Hi everyone. I am looking for recommendations for a breeder in the MA/New England area. Ideally closer to MA so that I can visit easier. I am looking for a black and tan or black male puppy. I'm not looking for an extremely high energy puppy, but I am planning on doing CGC and possibly obedience trials. Thanks in advance.


----------



## RZZNSTR (Jan 24, 2015)

Sent you a PM.


----------



## sbailey14 (Jul 3, 2015)

Fox Hill Farms in Amesbury - Brigitte and her team are amazing!


----------



## Horses272 (Jun 15, 2015)

I am looking for a male, preferably black and red in CT. ,MA, even RI, please pm me with any ideas


----------



## Horses272 (Jun 15, 2015)

Did not get it


----------



## Blondi's Revenge (Jan 31, 2015)

Olympia Kennels* < they have Kirschental dogs


----------



## jaudlee (Mar 28, 2013)

Linda's Shepherds has some wonderful dogs in Middleboro, MA it is where I got my Ruger (avatar) from. If you want more info feel free to ask! They've produced some wonderful pups


----------



## RunShepherdRun (Oct 5, 2009)

Two kennels with East German lines that do very well in pet homes. I've met many of them in training venues and at events, all had good temperament. Color is just color, I wouldn't make it a priority, but to each their own. Both kennels have produced black pups, b/t blanket and bicolor, not sure about b/t saddle.

Ryanhaus Kennel
Breeders of German Shepherds & Cairn Terriers | NH & MA | New Hampshire & Massachusetts - Pam Lake, Owner

And GSRNE always has good dogs, thoroughly temperament tested and fostered for at least two months before offered for adoption so their behavior in a home is well known:
Our Available Dogs | German Shepherd Rescue of New England

Good luck!


----------



## Findlay (Jan 8, 2015)

sbailey14 said:


> Fox Hill Farms in Amesbury - Brigitte and her team are amazing!

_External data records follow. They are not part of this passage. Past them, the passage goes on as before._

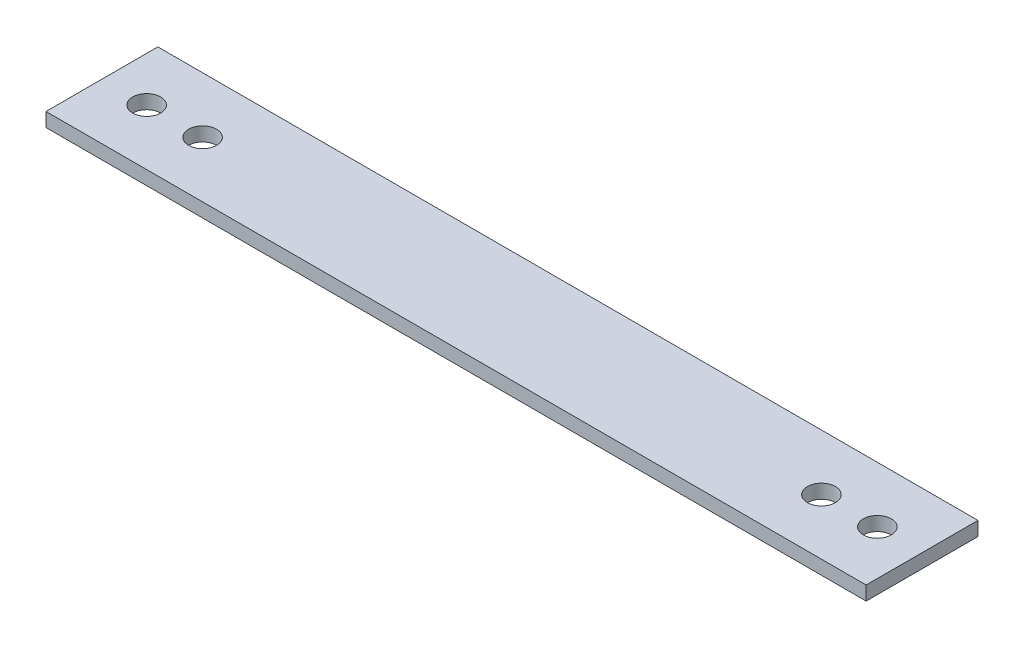
ISO-10303-21;
HEADER;
FILE_DESCRIPTION(('STEP AP214'),'2;1');
FILE_NAME('part.step','',(''),(''),'','','');
FILE_SCHEMA(('AUTOMOTIVE_DESIGN { 1 0 10303 214 1 1 1 1 }'));
ENDSEC;
DATA;
#1=APPLICATION_CONTEXT('core data for automotive mechanical design processes');
#2=APPLICATION_PROTOCOL_DEFINITION('international standard','automotive_design',2000,#1);
#3=PRODUCT_CONTEXT('',#1,'mechanical');
#4=PRODUCT('Part','Part','',(#3));
#5=PRODUCT_RELATED_PRODUCT_CATEGORY('part','',(#4));
#6=PRODUCT_DEFINITION_FORMATION('','',#4);
#7=PRODUCT_DEFINITION_CONTEXT('part definition',#1,'design');
#8=PRODUCT_DEFINITION('design','',#6,#7);
#9=PRODUCT_DEFINITION_SHAPE('','',#8);
#10=(LENGTH_UNIT() NAMED_UNIT(*) SI_UNIT(.MILLI.,.METRE.));
#11=(NAMED_UNIT(*) PLANE_ANGLE_UNIT() SI_UNIT($,.RADIAN.));
#12=(NAMED_UNIT(*) SI_UNIT($,.STERADIAN.) SOLID_ANGLE_UNIT());
#13=UNCERTAINTY_MEASURE_WITH_UNIT(LENGTH_MEASURE(1.E-05),#10,'distance_accuracy_value','');
#14=(GEOMETRIC_REPRESENTATION_CONTEXT(3) GLOBAL_UNCERTAINTY_ASSIGNED_CONTEXT((#13)) GLOBAL_UNIT_ASSIGNED_CONTEXT((#10,
#11,#12)) REPRESENTATION_CONTEXT('',''));
#15=CARTESIAN_POINT('',(0.,0.,0.));
#16=DIRECTION('',(0.,0.,1.));
#17=DIRECTION('',(1.,0.,0.));
#18=AXIS2_PLACEMENT_3D('',#15,#16,#17);
#19=CARTESIAN_POINT('',(0.,4.7625,0.));
#20=DIRECTION('',(0.,-1.,0.));
#21=DIRECTION('',(0.,0.,-1.));
#22=AXIS2_PLACEMENT_3D('',#19,#20,#21);
#23=PLANE('',#22);
#24=DIRECTION('',(0.,0.,-1.));
#25=VECTOR('',#24,1.);
#26=CARTESIAN_POINT('',(139.7,4.7625,19.05));
#27=LINE('',#26,#25);
#28=CARTESIAN_POINT('',(139.7,4.7625,19.05));
#29=VERTEX_POINT('',#28);
#30=CARTESIAN_POINT('',(139.7,4.7625,-19.05));
#31=VERTEX_POINT('',#30);
#32=EDGE_CURVE('E96',#29,#31,#27,.T.);
#33=ORIENTED_EDGE('',*,*,#32,.T.);
#34=DIRECTION('',(-1.,0.,0.));
#35=VECTOR('',#34,1.);
#36=CARTESIAN_POINT('',(-139.7,4.7625,-19.05));
#37=LINE('',#36,#35);
#38=CARTESIAN_POINT('',(-139.7,4.7625,-19.05));
#39=VERTEX_POINT('',#38);
#40=EDGE_CURVE('E91',#31,#39,#37,.T.);
#41=ORIENTED_EDGE('',*,*,#40,.T.);
#42=DIRECTION('',(0.,0.,1.));
#43=VECTOR('',#42,1.);
#44=CARTESIAN_POINT('',(-139.7,4.7625,19.05));
#45=LINE('',#44,#43);
#46=CARTESIAN_POINT('',(-139.7,4.7625,19.05));
#47=VERTEX_POINT('',#46);
#48=EDGE_CURVE('E94',#39,#47,#45,.T.);
#49=ORIENTED_EDGE('',*,*,#48,.T.);
#50=DIRECTION('',(1.,0.,0.));
#51=VECTOR('',#50,1.);
#52=CARTESIAN_POINT('',(-139.7,4.7625,19.05));
#53=LINE('',#52,#51);
#54=EDGE_CURVE('E61',#47,#29,#53,.T.);
#55=ORIENTED_EDGE('',*,*,#54,.T.);
#56=EDGE_LOOP('',(#33,#41,#49,#55));
#57=FACE_BOUND('',#56,.T.);
#58=CARTESIAN_POINT('',(-124.46,4.7625,0.));
#59=DIRECTION('',(0.,1.,0.));
#60=DIRECTION('',(0.,0.,1.));
#61=AXIS2_PLACEMENT_3D('',#58,#59,#60);
#62=CIRCLE('',#61,4.7625);
#63=CARTESIAN_POINT('',(-124.46,4.7625,-4.7625));
#64=VERTEX_POINT('',#63);
#65=EDGE_CURVE('E116',#64,#64,#62,.T.);
#66=ORIENTED_EDGE('',*,*,#65,.F.);
#67=EDGE_LOOP('',(#66));
#68=FACE_BOUND('',#67,.T.);
#69=CARTESIAN_POINT('',(-105.41,4.7625,0.));
#70=DIRECTION('',(0.,1.,0.));
#71=DIRECTION('',(0.,0.,1.));
#72=AXIS2_PLACEMENT_3D('',#69,#70,#71);
#73=CIRCLE('',#72,4.7625);
#74=CARTESIAN_POINT('',(-105.41,4.7625,-4.7625));
#75=VERTEX_POINT('',#74);
#76=EDGE_CURVE('E138',#75,#75,#73,.T.);
#77=ORIENTED_EDGE('',*,*,#76,.F.);
#78=EDGE_LOOP('',(#77));
#79=FACE_BOUND('',#78,.T.);
#80=CARTESIAN_POINT('',(124.46,4.7625,0.));
#81=DIRECTION('',(0.,1.,0.));
#82=DIRECTION('',(0.,0.,-1.));
#83=AXIS2_PLACEMENT_3D('',#80,#81,#82);
#84=CIRCLE('',#83,4.76250000000001);
#85=CARTESIAN_POINT('',(124.46,4.7625,-4.76250000000004));
#86=VERTEX_POINT('',#85);
#87=EDGE_CURVE('E146',#86,#86,#84,.T.);
#88=ORIENTED_EDGE('',*,*,#87,.F.);
#89=EDGE_LOOP('',(#88));
#90=FACE_BOUND('',#89,.T.);
#91=CARTESIAN_POINT('',(105.41,4.7625,0.));
#92=DIRECTION('',(0.,1.,0.));
#93=DIRECTION('',(0.,0.,-1.));
#94=AXIS2_PLACEMENT_3D('',#91,#92,#93);
#95=CIRCLE('',#94,4.7625);
#96=CARTESIAN_POINT('',(105.41,4.7625,-4.76250000000002));
#97=VERTEX_POINT('',#96);
#98=EDGE_CURVE('E154',#97,#97,#95,.T.);
#99=ORIENTED_EDGE('',*,*,#98,.F.);
#100=EDGE_LOOP('',(#99));
#101=FACE_BOUND('',#100,.T.);
#102=ADVANCED_FACE('F43',(#57,#68,#79,#90,#101),#23,.F.);
#103=CARTESIAN_POINT('',(0.,0.,0.));
#104=DIRECTION('',(0.,-1.,0.));
#105=DIRECTION('',(0.,0.,-1.));
#106=AXIS2_PLACEMENT_3D('',#103,#104,#105);
#107=PLANE('',#106);
#108=CARTESIAN_POINT('',(124.46,0.,0.));
#109=DIRECTION('',(0.,1.,0.));
#110=DIRECTION('',(0.,0.,-1.));
#111=AXIS2_PLACEMENT_3D('',#108,#109,#110);
#112=CIRCLE('',#111,4.76250000000001);
#113=CARTESIAN_POINT('',(124.46,0.,-4.76250000000004));
#114=VERTEX_POINT('',#113);
#115=EDGE_CURVE('E150',#114,#114,#112,.T.);
#116=ORIENTED_EDGE('',*,*,#115,.T.);
#117=EDGE_LOOP('',(#116));
#118=FACE_BOUND('',#117,.T.);
#119=CARTESIAN_POINT('',(-124.46,0.,0.));
#120=DIRECTION('',(0.,1.,0.));
#121=DIRECTION('',(0.,0.,1.));
#122=AXIS2_PLACEMENT_3D('',#119,#120,#121);
#123=CIRCLE('',#122,4.7625);
#124=CARTESIAN_POINT('',(-124.46,0.,-4.7625));
#125=VERTEX_POINT('',#124);
#126=EDGE_CURVE('E134',#125,#125,#123,.T.);
#127=ORIENTED_EDGE('',*,*,#126,.T.);
#128=EDGE_LOOP('',(#127));
#129=FACE_BOUND('',#128,.T.);
#130=DIRECTION('',(0.,0.,-1.));
#131=VECTOR('',#130,1.);
#132=CARTESIAN_POINT('',(139.7,0.,19.05));
#133=LINE('',#132,#131);
#134=CARTESIAN_POINT('',(139.7,0.,19.05));
#135=VERTEX_POINT('',#134);
#136=CARTESIAN_POINT('',(139.7,0.,-19.05));
#137=VERTEX_POINT('',#136);
#138=EDGE_CURVE('E112',#135,#137,#133,.T.);
#139=ORIENTED_EDGE('',*,*,#138,.F.);
#140=DIRECTION('',(1.,0.,0.));
#141=VECTOR('',#140,1.);
#142=CARTESIAN_POINT('',(-139.7,0.,19.05));
#143=LINE('',#142,#141);
#144=CARTESIAN_POINT('',(-139.7,0.,19.05));
#145=VERTEX_POINT('',#144);
#146=EDGE_CURVE('E84',#145,#135,#143,.T.);
#147=ORIENTED_EDGE('',*,*,#146,.F.);
#148=DIRECTION('',(0.,0.,1.));
#149=VECTOR('',#148,1.);
#150=CARTESIAN_POINT('',(-139.7,0.,19.05));
#151=LINE('',#150,#149);
#152=CARTESIAN_POINT('',(-139.7,0.,-19.05));
#153=VERTEX_POINT('',#152);
#154=EDGE_CURVE('E78',#153,#145,#151,.T.);
#155=ORIENTED_EDGE('',*,*,#154,.F.);
#156=DIRECTION('',(-1.,0.,0.));
#157=VECTOR('',#156,1.);
#158=CARTESIAN_POINT('',(-139.7,0.,-19.05));
#159=LINE('',#158,#157);
#160=EDGE_CURVE('E101',#137,#153,#159,.T.);
#161=ORIENTED_EDGE('',*,*,#160,.F.);
#162=EDGE_LOOP('',(#139,#147,#155,#161));
#163=FACE_BOUND('',#162,.T.);
#164=CARTESIAN_POINT('',(-105.41,0.,0.));
#165=DIRECTION('',(0.,1.,0.));
#166=DIRECTION('',(0.,0.,1.));
#167=AXIS2_PLACEMENT_3D('',#164,#165,#166);
#168=CIRCLE('',#167,4.7625);
#169=CARTESIAN_POINT('',(-105.41,0.,-4.7625));
#170=VERTEX_POINT('',#169);
#171=EDGE_CURVE('E142',#170,#170,#168,.T.);
#172=ORIENTED_EDGE('',*,*,#171,.T.);
#173=EDGE_LOOP('',(#172));
#174=FACE_BOUND('',#173,.T.);
#175=CARTESIAN_POINT('',(105.41,0.,0.));
#176=DIRECTION('',(0.,1.,0.));
#177=DIRECTION('',(0.,0.,-1.));
#178=AXIS2_PLACEMENT_3D('',#175,#176,#177);
#179=CIRCLE('',#178,4.7625);
#180=CARTESIAN_POINT('',(105.41,0.,-4.76250000000002));
#181=VERTEX_POINT('',#180);
#182=EDGE_CURVE('E158',#181,#181,#179,.T.);
#183=ORIENTED_EDGE('',*,*,#182,.T.);
#184=EDGE_LOOP('',(#183));
#185=FACE_BOUND('',#184,.T.);
#186=ADVANCED_FACE('F129',(#118,#129,#163,#174,#185),#107,.T.);
#187=CARTESIAN_POINT('',(139.7,4.7625,19.05));
#188=DIRECTION('',(-1.,0.,0.));
#189=DIRECTION('',(0.,0.,1.));
#190=AXIS2_PLACEMENT_3D('',#187,#188,#189);
#191=PLANE('',#190);
#192=ORIENTED_EDGE('',*,*,#138,.T.);
#193=DIRECTION('',(0.,-1.,0.));
#194=VECTOR('',#193,1.);
#195=CARTESIAN_POINT('',(139.7,4.7625,-19.05));
#196=LINE('',#195,#194);
#197=EDGE_CURVE('E11',#31,#137,#196,.T.);
#198=ORIENTED_EDGE('',*,*,#197,.F.);
#199=ORIENTED_EDGE('',*,*,#32,.F.);
#200=DIRECTION('',(0.,-1.,0.));
#201=VECTOR('',#200,1.);
#202=CARTESIAN_POINT('',(139.7,4.7625,19.05));
#203=LINE('',#202,#201);
#204=EDGE_CURVE('E108',#29,#135,#203,.T.);
#205=ORIENTED_EDGE('',*,*,#204,.T.);
#206=EDGE_LOOP('',(#192,#198,#199,#205));
#207=FACE_BOUND('',#206,.T.);
#208=ADVANCED_FACE('F45',(#207),#191,.F.);
#209=CARTESIAN_POINT('',(-139.7,4.7625,-19.05));
#210=DIRECTION('',(0.,0.,1.));
#211=DIRECTION('',(1.,0.,0.));
#212=AXIS2_PLACEMENT_3D('',#209,#210,#211);
#213=PLANE('',#212);
#214=ORIENTED_EDGE('',*,*,#160,.T.);
#215=DIRECTION('',(0.,-1.,0.));
#216=VECTOR('',#215,1.);
#217=CARTESIAN_POINT('',(-139.7,4.7625,-19.05));
#218=LINE('',#217,#216);
#219=EDGE_CURVE('E53',#39,#153,#218,.T.);
#220=ORIENTED_EDGE('',*,*,#219,.F.);
#221=ORIENTED_EDGE('',*,*,#40,.F.);
#222=ORIENTED_EDGE('',*,*,#197,.T.);
#223=EDGE_LOOP('',(#214,#220,#221,#222));
#224=FACE_BOUND('',#223,.T.);
#225=ADVANCED_FACE('F100',(#224),#213,.F.);
#226=CARTESIAN_POINT('',(-139.7,4.7625,19.05));
#227=DIRECTION('',(1.,0.,0.));
#228=DIRECTION('',(0.,0.,-1.));
#229=AXIS2_PLACEMENT_3D('',#226,#227,#228);
#230=PLANE('',#229);
#231=ORIENTED_EDGE('',*,*,#154,.T.);
#232=DIRECTION('',(0.,-1.,0.));
#233=VECTOR('',#232,1.);
#234=CARTESIAN_POINT('',(-139.7,4.7625,19.05));
#235=LINE('',#234,#233);
#236=EDGE_CURVE('E103',#47,#145,#235,.T.);
#237=ORIENTED_EDGE('',*,*,#236,.F.);
#238=ORIENTED_EDGE('',*,*,#48,.F.);
#239=ORIENTED_EDGE('',*,*,#219,.T.);
#240=EDGE_LOOP('',(#231,#237,#238,#239));
#241=FACE_BOUND('',#240,.T.);
#242=ADVANCED_FACE('F104',(#241),#230,.F.);
#243=CARTESIAN_POINT('',(-139.7,4.7625,19.05));
#244=DIRECTION('',(0.,0.,-1.));
#245=DIRECTION('',(-1.,0.,0.));
#246=AXIS2_PLACEMENT_3D('',#243,#244,#245);
#247=PLANE('',#246);
#248=ORIENTED_EDGE('',*,*,#146,.T.);
#249=ORIENTED_EDGE('',*,*,#204,.F.);
#250=ORIENTED_EDGE('',*,*,#54,.F.);
#251=ORIENTED_EDGE('',*,*,#236,.T.);
#252=EDGE_LOOP('',(#248,#249,#250,#251));
#253=FACE_BOUND('',#252,.T.);
#254=ADVANCED_FACE('F126',(#253),#247,.F.);
#255=CARTESIAN_POINT('',(-124.46,4.7625,0.));
#256=DIRECTION('',(0.,-1.,0.));
#257=DIRECTION('',(0.,0.,-1.));
#258=AXIS2_PLACEMENT_3D('',#255,#256,#257);
#259=CYLINDRICAL_SURFACE('',#258,4.7625);
#260=CARTESIAN_POINT('',(-124.46,4.7625,-4.7625));
#261=CARTESIAN_POINT('',(-124.46,4.712890625,-4.7625));
#262=CARTESIAN_POINT('',(-124.46,4.66328125,-4.7625));
#263=CARTESIAN_POINT('',(-124.46,4.5640625,-4.7625));
#264=CARTESIAN_POINT('',(-124.46,4.514453125,-4.7625));
#265=CARTESIAN_POINT('',(-124.46,4.415234375,-4.7625));
#266=CARTESIAN_POINT('',(-124.46,4.365625,-4.7625));
#267=CARTESIAN_POINT('',(-124.46,4.26640625,-4.7625));
#268=CARTESIAN_POINT('',(-124.46,4.216796875,-4.7625));
#269=CARTESIAN_POINT('',(-124.46,4.117578125,-4.7625));
#270=CARTESIAN_POINT('',(-124.46,4.06796875,-4.7625));
#271=CARTESIAN_POINT('',(-124.46,3.96875,-4.7625));
#272=CARTESIAN_POINT('',(-124.46,3.919140625,-4.7625));
#273=CARTESIAN_POINT('',(-124.46,3.819921875,-4.7625));
#274=CARTESIAN_POINT('',(-124.46,3.7703125,-4.7625));
#275=CARTESIAN_POINT('',(-124.46,3.67109375,-4.7625));
#276=CARTESIAN_POINT('',(-124.46,3.621484375,-4.7625));
#277=CARTESIAN_POINT('',(-124.46,3.522265625,-4.7625));
#278=CARTESIAN_POINT('',(-124.46,3.47265625,-4.7625));
#279=CARTESIAN_POINT('',(-124.46,3.3734375,-4.7625));
#280=CARTESIAN_POINT('',(-124.46,3.323828125,-4.7625));
#281=CARTESIAN_POINT('',(-124.46,3.224609375,-4.7625));
#282=CARTESIAN_POINT('',(-124.46,3.175,-4.7625));
#283=CARTESIAN_POINT('',(-124.46,3.07578125,-4.7625));
#284=CARTESIAN_POINT('',(-124.46,3.026171875,-4.7625));
#285=CARTESIAN_POINT('',(-124.46,2.926953125,-4.7625));
#286=CARTESIAN_POINT('',(-124.46,2.87734375,-4.7625));
#287=CARTESIAN_POINT('',(-124.46,2.778125,-4.7625));
#288=CARTESIAN_POINT('',(-124.46,2.728515625,-4.7625));
#289=CARTESIAN_POINT('',(-124.46,2.629296875,-4.7625));
#290=CARTESIAN_POINT('',(-124.46,2.5796875,-4.7625));
#291=CARTESIAN_POINT('',(-124.46,2.48046875,-4.7625));
#292=CARTESIAN_POINT('',(-124.46,2.430859375,-4.7625));
#293=CARTESIAN_POINT('',(-124.46,2.331640625,-4.7625));
#294=CARTESIAN_POINT('',(-124.46,2.28203125,-4.7625));
#295=CARTESIAN_POINT('',(-124.46,2.1828125,-4.7625));
#296=CARTESIAN_POINT('',(-124.46,2.133203125,-4.7625));
#297=CARTESIAN_POINT('',(-124.46,2.033984375,-4.7625));
#298=CARTESIAN_POINT('',(-124.46,1.984375,-4.7625));
#299=CARTESIAN_POINT('',(-124.46,1.88515625,-4.7625));
#300=CARTESIAN_POINT('',(-124.46,1.835546875,-4.7625));
#301=CARTESIAN_POINT('',(-124.46,1.736328125,-4.7625));
#302=CARTESIAN_POINT('',(-124.46,1.68671875,-4.7625));
#303=CARTESIAN_POINT('',(-124.46,1.5875,-4.7625));
#304=CARTESIAN_POINT('',(-124.46,1.537890625,-4.7625));
#305=CARTESIAN_POINT('',(-124.46,1.438671875,-4.7625));
#306=CARTESIAN_POINT('',(-124.46,1.3890625,-4.7625));
#307=CARTESIAN_POINT('',(-124.46,1.28984375,-4.7625));
#308=CARTESIAN_POINT('',(-124.46,1.240234375,-4.7625));
#309=CARTESIAN_POINT('',(-124.46,1.141015625,-4.7625));
#310=CARTESIAN_POINT('',(-124.46,1.09140625,-4.7625));
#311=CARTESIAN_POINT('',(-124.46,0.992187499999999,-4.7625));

A couple of staff members where my pup is being trained also like Fox Hill Farms. 
I didn't get my pup there but it has a good rep. 

My neighbor got a Ledgemere pup. 
In Wesern MA. Maybe near Amherst. 
Sorry not sure of spelling.


----------



## Findlay (Jan 8, 2015)

Also. I agree w RunShepherdRun "color is just color."
I really wanted a black and blond gsd, 
But. Based on what I told the breeder, she picked Finn for us and he's a perfect fit.


----------